Continuing the example of Abisko:

domain.nc goes into $INPUTDATA/share/domains/domain.clm:
mv temp/domain.nc /project/neon_e3sm/inputdata/share/domains/domain.clm/domain.lnd.1x1pt_Abisko-GRID.nc
1x1pt indicates it is a single point, -GRID indicates it uses data from the gridded E3SM datasets (e.g., the --surfdata_grid argument in makepointdata.py)

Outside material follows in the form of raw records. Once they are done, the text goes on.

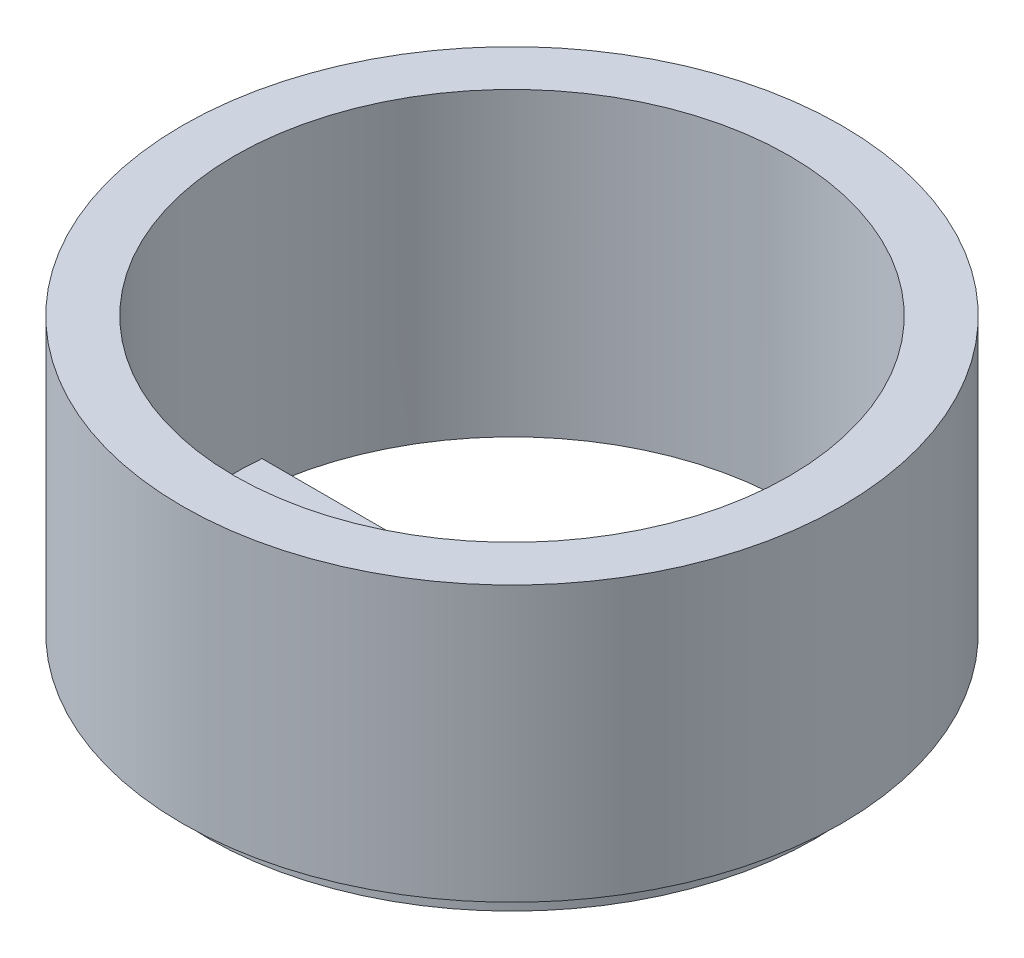
ISO-10303-21;
HEADER;
FILE_DESCRIPTION(('STEP AP214'),'2;1');
FILE_NAME('part.step','',(''),(''),'','','');
FILE_SCHEMA(('AUTOMOTIVE_DESIGN { 1 0 10303 214 1 1 1 1 }'));
ENDSEC;
DATA;
#1=APPLICATION_CONTEXT('core data for automotive mechanical design processes');
#2=APPLICATION_PROTOCOL_DEFINITION('international standard','automotive_design',2000,#1);
#3=PRODUCT_CONTEXT('',#1,'mechanical');
#4=PRODUCT('Part','Part','',(#3));
#5=PRODUCT_RELATED_PRODUCT_CATEGORY('part','',(#4));
#6=PRODUCT_DEFINITION_FORMATION('','',#4);
#7=PRODUCT_DEFINITION_CONTEXT('part definition',#1,'design');
#8=PRODUCT_DEFINITION('design','',#6,#7);
#9=PRODUCT_DEFINITION_SHAPE('','',#8);
#10=(LENGTH_UNIT() NAMED_UNIT(*) SI_UNIT(.MILLI.,.METRE.));
#11=(NAMED_UNIT(*) PLANE_ANGLE_UNIT() SI_UNIT($,.RADIAN.));
#12=(NAMED_UNIT(*) SI_UNIT($,.STERADIAN.) SOLID_ANGLE_UNIT());
#13=UNCERTAINTY_MEASURE_WITH_UNIT(LENGTH_MEASURE(1.E-05),#10,'distance_accuracy_value','');
#14=(GEOMETRIC_REPRESENTATION_CONTEXT(3) GLOBAL_UNCERTAINTY_ASSIGNED_CONTEXT((#13)) GLOBAL_UNIT_ASSIGNED_CONTEXT((#10,
#11,#12)) REPRESENTATION_CONTEXT('',''));
#15=CARTESIAN_POINT('',(0.,0.,0.));
#16=DIRECTION('',(0.,0.,1.));
#17=DIRECTION('',(1.,0.,0.));
#18=AXIS2_PLACEMENT_3D('',#15,#16,#17);
#19=CARTESIAN_POINT('',(33.655,3.175,0.));
#20=DIRECTION('',(0.,1.,0.));
#21=DIRECTION('',(0.,0.,1.));
#22=AXIS2_PLACEMENT_3D('',#19,#20,#21);
#23=PLANE('',#22);
#24=DIRECTION('',(1.,0.,0.));
#25=VECTOR('',#24,1.);
#26=CARTESIAN_POINT('',(-33.5049011340132,3.175,-3.17499999999995));
#27=LINE('',#26,#25);
#28=CARTESIAN_POINT('',(-33.5049011340132,3.175,-3.17499999999995));
#29=VERTEX_POINT('',#28);
#30=CARTESIAN_POINT('',(33.5049011340132,3.175,-3.17499999999999));
#31=VERTEX_POINT('',#30);
#32=EDGE_CURVE('E103',#29,#31,#27,.T.);
#33=ORIENTED_EDGE('',*,*,#32,.F.);
#34=CARTESIAN_POINT('',(0.,3.175,0.));
#35=DIRECTION('',(0.,-1.,0.));
#36=DIRECTION('',(0.,0.,-1.));
#37=AXIS2_PLACEMENT_3D('',#34,#35,#36);
#38=CIRCLE('',#37,33.655);
#39=CARTESIAN_POINT('',(-33.5049011340132,3.175,3.17499999999997));
#40=VERTEX_POINT('',#39);
#41=EDGE_CURVE('E51',#40,#29,#38,.T.);
#42=ORIENTED_EDGE('',*,*,#41,.F.);
#43=DIRECTION('',(-1.,0.,0.));
#44=VECTOR('',#43,1.);
#45=CARTESIAN_POINT('',(-33.5049011340132,3.175,3.17499999999997));
#46=LINE('',#45,#44);
#47=CARTESIAN_POINT('',(33.5049011340132,3.175,3.17499999999997));
#48=VERTEX_POINT('',#47);
#49=EDGE_CURVE('E106',#48,#40,#46,.T.);
#50=ORIENTED_EDGE('',*,*,#49,.F.);
#51=EDGE_CURVE('E12',#31,#48,#38,.T.);
#52=ORIENTED_EDGE('',*,*,#51,.F.);
#53=EDGE_LOOP('',(#33,#42,#50,#52));
#54=FACE_BOUND('',#53,.T.);
#55=ADVANCED_FACE('F43',(#54),#23,.T.);
#56=CARTESIAN_POINT('',(0.,0.,0.));
#57=DIRECTION('',(0.,-1.,0.));
#58=DIRECTION('',(0.,0.,-1.));
#59=AXIS2_PLACEMENT_3D('',#56,#57,#58);
#60=CYLINDRICAL_SURFACE('',#59,33.655);
#61=ORIENTED_EDGE('',*,*,#51,.T.);
#62=DIRECTION('',(0.,1.,0.));
#63=VECTOR('',#62,1.);
#64=CARTESIAN_POINT('',(33.5049011340132,0.,3.17499999999997));
#65=LINE('',#64,#63);
#66=CARTESIAN_POINT('',(33.5049011340132,0.,3.17499999999997));
#67=VERTEX_POINT('',#66);
#68=EDGE_CURVE('E66',#67,#48,#65,.T.);
#69=ORIENTED_EDGE('',*,*,#68,.F.);
#70=CARTESIAN_POINT('',(0.,0.,0.));
#71=DIRECTION('',(0.,1.,0.));
#72=DIRECTION('',(0.,0.,1.));
#73=AXIS2_PLACEMENT_3D('',#70,#71,#72);
#74=CIRCLE('',#73,33.655);
#75=CARTESIAN_POINT('',(-33.5049011340132,0.,3.17499999999997));
#76=VERTEX_POINT('',#75);
#77=EDGE_CURVE('E120',#76,#67,#74,.T.);
#78=ORIENTED_EDGE('',*,*,#77,.F.);
#79=DIRECTION('',(0.,1.,0.));
#80=VECTOR('',#79,1.);
#81=CARTESIAN_POINT('',(-33.5049011340132,0.,3.17499999999997));
#82=LINE('',#81,#80);
#83=EDGE_CURVE('E115',#76,#40,#82,.T.);
#84=ORIENTED_EDGE('',*,*,#83,.T.);
#85=ORIENTED_EDGE('',*,*,#41,.T.);
#86=DIRECTION('',(0.,1.,0.));
#87=VECTOR('',#86,1.);
#88=CARTESIAN_POINT('',(-33.5049011340132,0.,-3.17499999999995));
#89=LINE('',#88,#87);
#90=CARTESIAN_POINT('',(-33.5049011340132,0.,-3.17499999999995));
#91=VERTEX_POINT('',#90);
#92=EDGE_CURVE('E58',#91,#29,#89,.T.);
#93=ORIENTED_EDGE('',*,*,#92,.F.);
#94=CARTESIAN_POINT('',(0.,0.,0.));
#95=DIRECTION('',(0.,1.,0.));
#96=DIRECTION('',(0.,0.,1.));
#97=AXIS2_PLACEMENT_3D('',#94,#95,#96);
#98=CIRCLE('',#97,33.655);
#99=CARTESIAN_POINT('',(33.5049011340132,0.,-3.17499999999999));
#100=VERTEX_POINT('',#99);
#101=EDGE_CURVE('E88',#100,#91,#98,.T.);
#102=ORIENTED_EDGE('',*,*,#101,.F.);
#103=DIRECTION('',(0.,1.,0.));
#104=VECTOR('',#103,1.);
#105=CARTESIAN_POINT('',(33.5049011340132,0.,-3.17499999999999));
#106=LINE('',#105,#104);
#107=EDGE_CURVE('E92',#100,#31,#106,.T.);
#108=ORIENTED_EDGE('',*,*,#107,.T.);
#109=EDGE_LOOP('',(#61,#69,#78,#84,#85,#93,#102,#108));
#110=FACE_BOUND('',#109,.T.);
#111=CARTESIAN_POINT('',(0.,36.5125,0.));
#112=DIRECTION('',(0.,-1.,0.));
#113=DIRECTION('',(0.,0.,-1.));
#114=AXIS2_PLACEMENT_3D('',#111,#112,#113);
#115=CIRCLE('',#114,33.655);
#116=CARTESIAN_POINT('',(0.,36.5125,-33.655));
#117=VERTEX_POINT('',#116);
#118=EDGE_CURVE('E141',#117,#117,#115,.T.);
#119=ORIENTED_EDGE('',*,*,#118,.F.);
#120=EDGE_LOOP('',(#119));
#121=FACE_BOUND('',#120,.T.);
#122=ADVANCED_FACE('F85',(#110,#121),#60,.F.);
#123=CARTESIAN_POINT('',(33.655,36.5125,0.));
#124=DIRECTION('',(0.,1.,0.));
#125=DIRECTION('',(0.,0.,1.));
#126=AXIS2_PLACEMENT_3D('',#123,#124,#125);
#127=PLANE('',#126);
#128=ORIENTED_EDGE('',*,*,#118,.T.);
#129=EDGE_LOOP('',(#128));
#130=FACE_BOUND('',#129,.T.);
#131=CARTESIAN_POINT('',(0.,36.5125,0.));
#132=DIRECTION('',(0.,-1.,0.));
#133=DIRECTION('',(0.,0.,-1.));
#134=AXIS2_PLACEMENT_3D('',#131,#132,#133);
#135=CIRCLE('',#134,40.005);
#136=CARTESIAN_POINT('',(0.,36.5125,-40.005));
#137=VERTEX_POINT('',#136);
#138=EDGE_CURVE('E138',#137,#137,#135,.T.);
#139=ORIENTED_EDGE('',*,*,#138,.F.);
#140=EDGE_LOOP('',(#139));
#141=FACE_BOUND('',#140,.T.);
#142=ADVANCED_FACE('F147',(#130,#141),#127,.T.);
#143=CARTESIAN_POINT('',(0.,0.,0.));
#144=DIRECTION('',(0.,-1.,0.));
#145=DIRECTION('',(0.,0.,-1.));
#146=AXIS2_PLACEMENT_3D('',#143,#144,#145);
#147=CYLINDRICAL_SURFACE('',#146,40.005);
#148=ORIENTED_EDGE('',*,*,#138,.T.);
#149=EDGE_LOOP('',(#148));
#150=FACE_BOUND('',#149,.T.);
#151=CARTESIAN_POINT('',(0.,3.175,0.));
#152=DIRECTION('',(0.,-1.,0.));
#153=DIRECTION('',(0.,0.,-1.));
#154=AXIS2_PLACEMENT_3D('',#151,#152,#153);
#155=CIRCLE('',#154,40.005);
#156=CARTESIAN_POINT('',(0.,3.175,-40.005));
#157=VERTEX_POINT('',#156);
#158=EDGE_CURVE('E134',#157,#157,#155,.T.);
#159=ORIENTED_EDGE('',*,*,#158,.F.);
#160=EDGE_LOOP('',(#159));
#161=FACE_BOUND('',#160,.T.);
#162=ADVANCED_FACE('F154',(#150,#161),#147,.T.);
#163=CARTESIAN_POINT('',(40.005,3.175,0.));
#164=DIRECTION('',(0.,-1.,0.));
#165=DIRECTION('',(0.,0.,-1.));
#166=AXIS2_PLACEMENT_3D('',#163,#164,#165);
#167=PLANE('',#166);
#168=ORIENTED_EDGE('',*,*,#158,.T.);
#169=EDGE_LOOP('',(#168));
#170=FACE_BOUND('',#169,.T.);
#171=CARTESIAN_POINT('',(0.,3.175,0.));
#172=DIRECTION('',(0.,-1.,0.));
#173=DIRECTION('',(0.,0.,-1.));
#174=AXIS2_PLACEMENT_3D('',#171,#172,#173);
#175=CIRCLE('',#174,36.83);
#176=CARTESIAN_POINT('',(0.,3.175,-36.83));
#177=VERTEX_POINT('',#176);
#178=EDGE_CURVE('E130',#177,#177,#175,.T.);
#179=ORIENTED_EDGE('',*,*,#178,.F.);
#180=EDGE_LOOP('',(#179));
#181=FACE_BOUND('',#180,.T.);
#182=ADVANCED_FACE('F160',(#170,#181),#167,.T.);
#183=CARTESIAN_POINT('',(0.,0.,0.));
#184=DIRECTION('',(0.,-1.,0.));
#185=DIRECTION('',(0.,0.,-1.));
#186=AXIS2_PLACEMENT_3D('',#183,#184,#185);
#187=CYLINDRICAL_SURFACE('',#186,36.83);
#188=ORIENTED_EDGE('',*,*,#178,.T.);
#189=EDGE_LOOP('',(#188));
#190=FACE_BOUND('',#189,.T.);
#191=CARTESIAN_POINT('',(0.,0.,0.));
#192=DIRECTION('',(0.,-1.,0.));
#193=DIRECTION('',(0.,0.,-1.));
#194=AXIS2_PLACEMENT_3D('',#191,#192,#193);
#195=CIRCLE('',#194,36.83);
#196=CARTESIAN_POINT('',(0.,0.,-36.83));
#197=VERTEX_POINT('',#196);
#198=EDGE_CURVE('E110',#197,#197,#195,.T.);
#199=ORIENTED_EDGE('',*,*,#198,.F.);
#200=EDGE_LOOP('',(#199));
#201=FACE_BOUND('',#200,.T.);
#202=ADVANCED_FACE('F164',(#190,#201),#187,.T.);
#203=CARTESIAN_POINT('',(36.83,0.,0.));
#204=DIRECTION('',(0.,-1.,0.));
#205=DIRECTION('',(0.,0.,-1.));
#206=AXIS2_PLACEMENT_3D('',#203,#204,#205);
#207=PLANE('',#206);
#208=ORIENTED_EDGE('',*,*,#101,.T.);
#209=DIRECTION('',(1.,0.,0.));
#210=VECTOR('',#209,1.);
#211=CARTESIAN_POINT('',(-33.5049011340132,0.,-3.17499999999995));
#212=LINE('',#211,#210);
#213=EDGE_CURVE('E93',#91,#100,#212,.T.);
#214=ORIENTED_EDGE('',*,*,#213,.T.);
#215=EDGE_LOOP('',(#208,#214));
#216=FACE_BOUND('',#215,.T.);
#217=ORIENTED_EDGE('',*,*,#77,.T.);
#218=DIRECTION('',(-1.,0.,0.));
#219=VECTOR('',#218,1.);
#220=CARTESIAN_POINT('',(-33.5049011340132,0.,3.17499999999997));
#221=LINE('',#220,#219);
#222=EDGE_CURVE('E114',#67,#76,#221,.T.);
#223=ORIENTED_EDGE('',*,*,#222,.T.);
#224=EDGE_LOOP('',(#217,#223));
#225=FACE_BOUND('',#224,.T.);
#226=ORIENTED_EDGE('',*,*,#198,.T.);
#227=EDGE_LOOP('',(#226));
#228=FACE_BOUND('',#227,.T.);
#229=ADVANCED_FACE('F100',(#216,#225,#228),#207,.T.);
#230=CARTESIAN_POINT('',(-33.5049011340132,0.,3.17499999999997));
#231=DIRECTION('',(0.,0.,-1.));
#232=DIRECTION('',(-1.,0.,0.));
#233=AXIS2_PLACEMENT_3D('',#230,#231,#232);
#234=PLANE('',#233);
#235=ORIENTED_EDGE('',*,*,#49,.T.);
#236=ORIENTED_EDGE('',*,*,#83,.F.);
#237=ORIENTED_EDGE('',*,*,#222,.F.);
#238=ORIENTED_EDGE('',*,*,#68,.T.);
#239=EDGE_LOOP('',(#235,#236,#237,#238));
#240=FACE_BOUND('',#239,.T.);
#241=ADVANCED_FACE('F171',(#240),#234,.F.);
#242=CARTESIAN_POINT('',(-33.5049011340132,0.,-3.17499999999995));
#243=DIRECTION('',(0.,0.,1.));
#244=DIRECTION('',(1.,0.,0.));
#245=AXIS2_PLACEMENT_3D('',#242,#243,#244);
#246=PLANE('',#245);
#247=ORIENTED_EDGE('',*,*,#32,.T.);
#248=ORIENTED_EDGE('',*,*,#107,.F.);
#249=ORIENTED_EDGE('',*,*,#213,.F.);
#250=ORIENTED_EDGE('',*,*,#92,.T.);
#251=EDGE_LOOP('',(#247,#248,#249,#250));
#252=FACE_BOUND('',#251,.T.);
#253=ADVANCED_FACE('F96',(#252),#246,.F.);
#254=CLOSED_SHELL('',(#55,#122,#142,#162,#182,#202,#229,#241,#253));
#255=MANIFOLD_SOLID_BREP('B2',#254);
#256=ADVANCED_BREP_SHAPE_REPRESENTATION('',(#18,#255),#14);
#257=SHAPE_DEFINITION_REPRESENTATION(#9,#256);
ENDSEC;
END-ISO-10303-21;

surfdata.nc and surfdata.pftdyn.nc go into $INPUTDATA/lnd/clm2/surfdata_map/:
mv temp/surfdata.nc /project/neon_e3sm/inputdata/lnd/clm2/surfdata_map/surfdata_1x1pt_Abisko-GRID_simyr1850_c360x720_c250306.nc
mv temp/surfdata.pftdyn.nc /project/neon_e3sm/inputdata/lnd/clm2/surfdata_map/landuse.timeseries_1x1pt_Abisko-GRID_simyr1850-2015_c250306.nc
Where simyr1850 indicates it starts from a surface dataset meant to represent 1850, c360x720 is the resolution of the dataset used to create the surface files (e.g., 0.5°), and c250306 is the date I created the files.

4. Finally, please check the permissions of the files you added

The permissions model on the servers can be a bit annoying! If you create new files they may not be accessible to other members of NGEE Arctic. To ensure they are, a quick check is:

cd /project/neon_e3sm/inputdata
find . -group $USER -exec chgrp ngeearctic {} +
find . -user $USER -exec chmod g=u {} +

These commands: a) move you to the root directory of the E3SM datasets, b) find any files where the UNIX group is equal to your moinker, and changes them to ngeearctic, c) sets the ngeearctic group permissions to be the same as the user that created them.

FINALLY, because this is a shared space, please be exceedingly careful with rm in this directory!